# Do tiels ever get over the obsession with jewelry?



## allons_ykaylee (Nov 12, 2013)

I have 7 piercings in my ears and one in my nose and Simon is obsessed. Do they ever get over that? Or will I always have to take my earrings out when I get home from class?


----------



## CaliTiels (Oct 18, 2012)

I don't ever wear jewelry, or had my ears pierced, but I wear 2 hair ties on each of my wrists and both have never gotten over it. I've worn that since the 1st day I got Beaker. He still loves it and I don't know of a way to break them of it


----------



## allons_ykaylee (Nov 12, 2013)

Lougirl said:


> I don't ever wear jewelry, or had my ears pierced, but I wear 2 hair ties on each of my wrists and both have never gotten over it. I've worn that since the 1st day I got Beaker. He still loves it and I don't know of a way to break them of it


Ehh I can just kinda keep him from my face haha. But ya, I had a hair tie in my hair one morning and I was doing my makeup and he was on my shoulder. I could hear him chewing but I didn't know what on. So I brushed out my hair and such and put the hair tie on my wrist, and later at work I tried to put my hair up and the tie split. He'd chewed off the plastic that held the band together. Haha silly butt!


----------



## moonchild (Jul 29, 2012)

Sorry to be the bearer of bad news, but...don't count on it. 

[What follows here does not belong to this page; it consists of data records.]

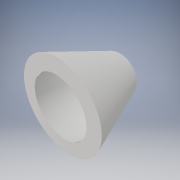
# Autodesk Inventor part: Socket
Saved by Autodesk Inventor 2017.2 (Build 212233000, 233)
## iProperties
Created: 2018-01-21
Part Number: Socket
Material: Generic
Document SubType Name: Modeling
Designer: Vatsal Varma
Density: 1 g/cm^3
Appearance: Default
Author: Vatsal Varma
Autodesk Inventor part; units mm, degrees
ref_plane "YZ Plane" through (0, 0, 0) normal (1, 0, 0) x (0, 1, 0)
ref_plane "XZ Plane" through (0, 0, 0) normal (0, 1, 0) x (-1, 0, 0)
sketch "Sketch1" plane through (0, 0, 0) normal (0, 0, 1) x (1, 0, 0)
  circle A0 centre (0, 0) radius 5
  dimension "d0" = 10
  constraints: 1 centre point, 1 coincident
  measures "d0" diameter of A0
ref_plane "Work Plane1" through (0, 0, -7.5) normal (0, 0, 1) x (1, 0, 0)
sketch "Sketch2" plane through (0, 0, -7.5) normal (0, 0, 1) x (1, 0, 0)
  circle A0 centre (0, 0) radius 2.5
  dimension "d2" = 5
  constraints: 1 centre point, 1 coincident
  measures "d2" diameter of A0
loft "Loft1" add profiles "Sketch1", "Sketch2"
sketch "Sketch3" plane through (0, 0, 0) normal (0, 1, 0) x (-1, 0, 0)
  arc A0 (0, 2.5) -> (0, -4.5) centre (0, -1) ccw
  line L0 (0, 5.5184) -> (0, -9.2276)
  line L1 (2.5, -7.5) -> (-2.5, -7.5) projected
  point P0 (0, 0)
  dimension "d7" = 7
  dimension "d9" = 1
  constraints: 3 point on line, 2 end point, 2 point on circle, 1 centre point, 1 perpendicular
  measures "d7" diameter of A0
  measures "d9" distance of A0.centre point (0, 0)
revolve "Revolution1" cut sketch "Sketch3" angle 360 about axis through (0, 0, 5.5184) along (0, 0, -1)
sketch "Sketch4" plane through (0, 0, -7.5) normal (0, 0, -1) x (-1, 0, 0)
  circle A0 centre (0, 0) radius 1
  dimension "d10" = 2
  constraints: 1 centre point, 1 coincident
  measures "d10" diameter of A0
extrude "Extrusion1" cut sketch "Sketch4" against normal blind 3
body "Solid1"

I removed almost all of my piercings because of the birds, and never wear jewelry around them.


----------



## goose'smom (Jan 1, 2014)

I have to take my earrings out every time!! they love sparkly stuff!


----------



## Vickitiel (Oct 10, 2012)

I have to take my necklaces off every time I have 'tiel interaction time. My earrings are always hidden behind my hair though so they don't get spotted.


----------



## karendh (Mar 25, 2013)

All my guest know not to wear earrings when they visit because Birdie will make a beeline for them if they forget. She has NEVER grown out of going for jewellery.


----------



## john9 (Nov 4, 2013)

One of my Flock is obsessed with my Wedding ring, can`t take that of, so I just have to suffer the Pain lol.


----------



## allons_ykaylee (Nov 12, 2013)

Simon is currently sitting up against my left cheek, right next to my nose ring, and he hasn't really tried for it. Guess he just has to be in the mood hahaa


----------



## LaurulCat (Jan 4, 2014)

I am allergic to metals and can only wear sterling silver for more than a few hours with out developing a rash. I do have pierced ears and I do wear silver ear rings, but without jewels or stones in them that the tiels or other birds could pry out of the settings. I have trained my birds to not remove my ear rings or the backs of them which hold them on. It takes a huge amount of training and you also have to reinforce the training if one forgets. But it can be done.

I also wear a lot of rings, also without jewels or inserts that the birds may remove; their beaks are very strong and I had one of my first birds swallow a rather expensive emerald out of my birthstone ring. So I never wear any jewels around them. I allow them to play with my rings; twirl them around in circles on my fingers, trace the designs with their tongues, etc. It also keeps them distracted from the ear rings.

Also, never wear fine chains for them to chew or break, because they will.


----------